For a Kinder, Gentler Society
Why Harry Potter?

International Herald Tribune Saturday-Sunday, July 24-25, 2004
Training young consumers * By Ilias Yocaris

Harry Potter is a capitalist pig

The success of the Harry Potter series has provoked a lively discussion among French literary theorists about the novels' underlying message and the structure of Harry's school, Poudlard (Hogwarts). This article, which appeared last month in the French daily Le Monde, got particular attention, including an essay published in response arguing that Harry is an anti­globalist crusader.

PARIS - July 2004.  With the Harry Potter series, J.K. Rowling has enchanted the world: the reader is drawn into a magical universe of flying cars, spells that make its victims spew slugs, trees that give blows, books that bite, elf servants and portraits that argue.

On the face of it, the world of Harry Potter has nothing in common with our own. Nothing at all, except one detail: like ours, the fantastic universe of Harry Potter is a capitalist universe.

Hogwarts is a private sorcery school, and its director constantly has to battle against the state as represented, essentially, by the inept minister of magic, Cornelius Fudge, the ridiculous bureaucrat Percy Weasley, and the odious inspector Dolores Umbridge.

harry_347The apprentice sorcerers are also consumers who dream of acquiring all sorts of high-tech magical objects, including high-performance wands or the latest brand-name flying brooms, manufactured by multinational corporations.

Hogwarts, then, is not only a school, but also a market: subject to an incessant advertising onslaught, the students are never as happy as when they can spend their money in the boutiques near the school. There is all sorts of' bartering between students, and the author heavily emphasizes the possibility of social success for young people who enrich themselves thanks to trade in magical products.
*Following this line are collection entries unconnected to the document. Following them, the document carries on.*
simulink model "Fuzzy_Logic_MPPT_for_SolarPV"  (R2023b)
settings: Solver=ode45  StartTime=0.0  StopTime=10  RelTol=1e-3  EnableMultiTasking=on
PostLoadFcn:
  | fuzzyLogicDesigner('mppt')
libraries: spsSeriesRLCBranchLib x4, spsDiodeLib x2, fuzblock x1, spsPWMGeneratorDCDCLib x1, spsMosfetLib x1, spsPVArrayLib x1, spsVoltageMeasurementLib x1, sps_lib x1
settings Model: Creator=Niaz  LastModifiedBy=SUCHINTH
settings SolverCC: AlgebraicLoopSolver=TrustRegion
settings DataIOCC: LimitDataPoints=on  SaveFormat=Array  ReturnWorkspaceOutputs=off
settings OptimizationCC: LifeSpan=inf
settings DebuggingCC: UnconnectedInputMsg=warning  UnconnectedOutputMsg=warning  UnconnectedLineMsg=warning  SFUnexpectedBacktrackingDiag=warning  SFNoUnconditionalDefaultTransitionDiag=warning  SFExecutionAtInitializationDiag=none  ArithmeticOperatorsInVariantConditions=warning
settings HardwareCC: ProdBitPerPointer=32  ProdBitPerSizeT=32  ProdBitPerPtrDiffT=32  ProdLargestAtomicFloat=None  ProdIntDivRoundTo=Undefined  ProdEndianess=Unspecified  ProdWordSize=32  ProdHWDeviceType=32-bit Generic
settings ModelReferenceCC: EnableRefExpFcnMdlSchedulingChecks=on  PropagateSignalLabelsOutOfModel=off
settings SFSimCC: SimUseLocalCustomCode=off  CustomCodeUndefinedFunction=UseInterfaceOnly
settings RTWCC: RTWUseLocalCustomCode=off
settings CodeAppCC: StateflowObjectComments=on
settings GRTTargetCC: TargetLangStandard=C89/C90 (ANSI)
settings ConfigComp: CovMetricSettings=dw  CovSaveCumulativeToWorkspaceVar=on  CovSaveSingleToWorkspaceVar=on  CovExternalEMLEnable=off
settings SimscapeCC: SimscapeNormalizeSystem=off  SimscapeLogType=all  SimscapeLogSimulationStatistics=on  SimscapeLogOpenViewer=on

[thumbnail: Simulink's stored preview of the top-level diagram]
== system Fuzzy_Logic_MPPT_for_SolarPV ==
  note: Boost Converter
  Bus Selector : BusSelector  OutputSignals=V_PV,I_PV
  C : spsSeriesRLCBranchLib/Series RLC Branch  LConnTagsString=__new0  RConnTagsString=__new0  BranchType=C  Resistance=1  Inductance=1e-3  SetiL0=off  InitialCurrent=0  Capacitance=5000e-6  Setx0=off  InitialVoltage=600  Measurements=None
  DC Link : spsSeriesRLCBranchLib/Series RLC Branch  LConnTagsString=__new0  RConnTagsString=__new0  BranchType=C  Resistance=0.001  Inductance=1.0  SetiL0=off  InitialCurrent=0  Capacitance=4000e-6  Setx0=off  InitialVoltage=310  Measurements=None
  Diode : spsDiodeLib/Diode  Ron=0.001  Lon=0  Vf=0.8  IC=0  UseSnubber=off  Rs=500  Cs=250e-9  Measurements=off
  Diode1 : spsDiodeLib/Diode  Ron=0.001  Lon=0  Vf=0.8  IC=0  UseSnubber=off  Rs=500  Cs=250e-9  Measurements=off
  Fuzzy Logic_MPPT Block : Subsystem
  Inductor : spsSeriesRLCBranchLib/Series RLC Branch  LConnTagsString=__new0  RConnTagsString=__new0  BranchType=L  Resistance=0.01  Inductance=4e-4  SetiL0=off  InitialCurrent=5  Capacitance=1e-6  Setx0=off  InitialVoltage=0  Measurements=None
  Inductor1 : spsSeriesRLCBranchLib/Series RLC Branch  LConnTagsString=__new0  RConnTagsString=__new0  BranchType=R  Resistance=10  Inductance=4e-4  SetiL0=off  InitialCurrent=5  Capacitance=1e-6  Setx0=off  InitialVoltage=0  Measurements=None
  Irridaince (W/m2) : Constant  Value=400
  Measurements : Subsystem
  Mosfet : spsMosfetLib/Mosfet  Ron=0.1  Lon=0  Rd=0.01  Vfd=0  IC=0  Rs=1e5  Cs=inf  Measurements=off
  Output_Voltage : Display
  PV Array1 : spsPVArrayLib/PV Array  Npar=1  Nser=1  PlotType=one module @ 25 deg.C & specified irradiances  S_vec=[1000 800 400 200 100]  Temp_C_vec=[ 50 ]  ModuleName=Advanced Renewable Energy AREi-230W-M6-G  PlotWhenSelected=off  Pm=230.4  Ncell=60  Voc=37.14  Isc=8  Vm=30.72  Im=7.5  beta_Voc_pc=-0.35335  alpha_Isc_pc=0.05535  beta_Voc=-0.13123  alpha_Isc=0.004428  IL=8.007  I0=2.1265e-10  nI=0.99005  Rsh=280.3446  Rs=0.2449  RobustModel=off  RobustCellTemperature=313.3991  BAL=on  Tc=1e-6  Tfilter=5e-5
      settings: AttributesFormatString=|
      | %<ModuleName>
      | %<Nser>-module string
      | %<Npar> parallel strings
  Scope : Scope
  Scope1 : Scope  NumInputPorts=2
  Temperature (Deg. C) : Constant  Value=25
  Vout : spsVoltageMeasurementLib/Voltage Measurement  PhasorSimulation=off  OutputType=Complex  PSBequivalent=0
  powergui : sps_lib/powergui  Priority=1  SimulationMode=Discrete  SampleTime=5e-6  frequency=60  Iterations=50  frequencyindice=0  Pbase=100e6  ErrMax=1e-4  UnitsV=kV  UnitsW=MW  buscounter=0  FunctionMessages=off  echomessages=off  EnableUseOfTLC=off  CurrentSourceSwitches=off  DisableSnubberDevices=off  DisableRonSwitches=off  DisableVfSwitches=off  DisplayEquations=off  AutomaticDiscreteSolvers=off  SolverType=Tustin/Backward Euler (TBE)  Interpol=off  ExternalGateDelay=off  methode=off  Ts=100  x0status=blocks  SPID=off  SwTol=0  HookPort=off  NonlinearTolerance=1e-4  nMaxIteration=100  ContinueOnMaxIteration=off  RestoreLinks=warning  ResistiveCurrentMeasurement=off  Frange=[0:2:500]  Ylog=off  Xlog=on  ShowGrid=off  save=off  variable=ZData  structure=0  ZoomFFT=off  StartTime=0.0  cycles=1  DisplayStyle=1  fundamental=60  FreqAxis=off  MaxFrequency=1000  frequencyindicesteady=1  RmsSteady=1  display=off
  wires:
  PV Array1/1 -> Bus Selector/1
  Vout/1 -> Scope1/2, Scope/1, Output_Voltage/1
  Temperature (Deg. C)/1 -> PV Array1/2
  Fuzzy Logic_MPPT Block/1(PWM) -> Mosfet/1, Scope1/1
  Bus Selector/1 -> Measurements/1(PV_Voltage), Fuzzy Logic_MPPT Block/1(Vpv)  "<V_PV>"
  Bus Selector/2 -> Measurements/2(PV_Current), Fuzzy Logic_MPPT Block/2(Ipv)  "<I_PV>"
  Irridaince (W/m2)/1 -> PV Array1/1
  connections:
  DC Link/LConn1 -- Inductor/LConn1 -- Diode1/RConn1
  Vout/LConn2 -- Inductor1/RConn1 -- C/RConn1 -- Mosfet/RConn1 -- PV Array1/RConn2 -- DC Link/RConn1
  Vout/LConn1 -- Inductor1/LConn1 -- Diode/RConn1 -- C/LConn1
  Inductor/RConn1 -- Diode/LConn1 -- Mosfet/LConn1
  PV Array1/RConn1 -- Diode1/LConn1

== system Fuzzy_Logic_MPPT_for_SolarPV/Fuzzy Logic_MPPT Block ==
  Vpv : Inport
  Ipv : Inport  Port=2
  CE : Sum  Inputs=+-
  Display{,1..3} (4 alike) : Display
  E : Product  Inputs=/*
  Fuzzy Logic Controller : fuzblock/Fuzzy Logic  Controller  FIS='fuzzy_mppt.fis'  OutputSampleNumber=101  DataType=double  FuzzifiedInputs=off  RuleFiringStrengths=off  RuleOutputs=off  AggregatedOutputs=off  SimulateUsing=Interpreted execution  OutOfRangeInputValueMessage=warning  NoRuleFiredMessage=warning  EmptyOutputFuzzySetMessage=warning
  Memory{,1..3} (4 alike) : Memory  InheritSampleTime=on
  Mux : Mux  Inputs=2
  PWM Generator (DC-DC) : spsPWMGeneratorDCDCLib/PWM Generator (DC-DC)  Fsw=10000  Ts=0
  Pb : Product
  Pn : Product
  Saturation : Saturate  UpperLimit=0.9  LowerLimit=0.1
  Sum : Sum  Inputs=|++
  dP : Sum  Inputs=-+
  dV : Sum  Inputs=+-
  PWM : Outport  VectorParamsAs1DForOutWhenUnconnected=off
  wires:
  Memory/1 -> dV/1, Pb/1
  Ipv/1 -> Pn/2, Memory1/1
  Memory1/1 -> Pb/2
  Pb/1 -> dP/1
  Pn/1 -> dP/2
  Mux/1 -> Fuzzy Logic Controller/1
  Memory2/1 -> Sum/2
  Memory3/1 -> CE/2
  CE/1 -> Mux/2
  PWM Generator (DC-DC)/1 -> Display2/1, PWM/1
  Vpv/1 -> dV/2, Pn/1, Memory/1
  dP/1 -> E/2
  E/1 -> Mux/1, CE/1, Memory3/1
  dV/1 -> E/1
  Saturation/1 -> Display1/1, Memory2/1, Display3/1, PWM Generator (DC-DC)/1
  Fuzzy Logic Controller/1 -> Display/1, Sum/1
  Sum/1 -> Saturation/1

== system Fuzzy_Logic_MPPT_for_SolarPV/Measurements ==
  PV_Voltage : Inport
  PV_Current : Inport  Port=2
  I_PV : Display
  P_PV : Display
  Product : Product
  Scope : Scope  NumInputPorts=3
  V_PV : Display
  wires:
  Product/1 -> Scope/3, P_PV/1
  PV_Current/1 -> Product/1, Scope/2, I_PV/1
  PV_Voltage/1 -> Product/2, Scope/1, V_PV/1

The tableau is completed by the ritual complaints about the rigidity and incompetence of bureaucrats. Their mediocrity is starkly contrasted with the inventiveness and audacity of some entrepreneurs, whom Rowling never ceases to praise. For example, Bill Weasley, who works for the goblin bank Gringotts, is presented as the opposite of his brother, Percy the bureaucrat. The first is young, dynamic and creative, and wears clothes that "would not have looked out of place at a rock concert"; the second is unintelligent, obtuse, limited and devoted to state regulation, his career's masterpiece being a report on the standards for the thicknesses of cauldrons.

We have, then, an invasion of neo-liberal stereotypes in a fairy tale. The fictional universe of Harry Potter of offers a caricature of the excesses of the Anglo-Saxon social model: under a veneer of regimentation and traditional rituals, Hogwarts is a pitiless jungle where competition, violence and the cult of winning run riot.

The psychological conditioning of the apprentice sorcerers is clearly based on a culture of confrontation: competition among students to be prefect; competition among Hogwarts "houses" to gain points; competition among sorcery schools to win the Triwizard tournament; and, ultimately, the bloody competition between the forces of Good and Evil.

This permanent state of war ends up redefining the role of institutions: faced with ever-more violent conflicts, they are no longer able to protect individuals against the menaces that they face everywhere. The Minister of Magic fails pitifully in his combat against Evil, and the regulatory constraints of school life hinder Harry and his friends in defending themselves against the attacks and provocations that they constantly encounter. The apprentice sorcerers are thus alone in their struggle to survive in a hostile milieu, and the weaker, like Harry's schoolmate Cedric Diggory, are inexorably eliminated.

These circumstances influence the education given the young students of Hogwarts. The only disciplines that matter are those that can give students an immediately exploitable practical knowledge that can help them in their battle to survive.

That's not astonishing, considering how this prestigious school aims to form, above all, graduates who can compete in the job market and fight against Evil. Artistic subjects are thus absent from Hogwarts's curriculum, and the teaching of social sciences is considered of little value: the students have only some tedious courses of history. It's very revealing that Harry finds them "as boring as Percy's cauldron-bottom report." In other words, in the cultural universe of Harry Potter, social sciences are as useless and obsolete as state regulation.

Harry Potter, probably unintentionally, thus appears as a summary of the social and educational aims of neo-liberal capitalism. Like Orwellian totalitarianism, this capitalism tries to fashion not only the real world, but also the imaginations of consumer-citizens.

The underlying message to young fans is this: You can imagine as many fictional worlds, parallel universes or educational systems as you want, but they will still all be regulated by the laws of the market. Given the success of the Harry Potter series, several generations of young people will be indelibly marked by this lesson.

Ilias Yocaris is a professor of literary theory and French literature at the University Institute of Teacher Training in Nice. This article was translated from the French.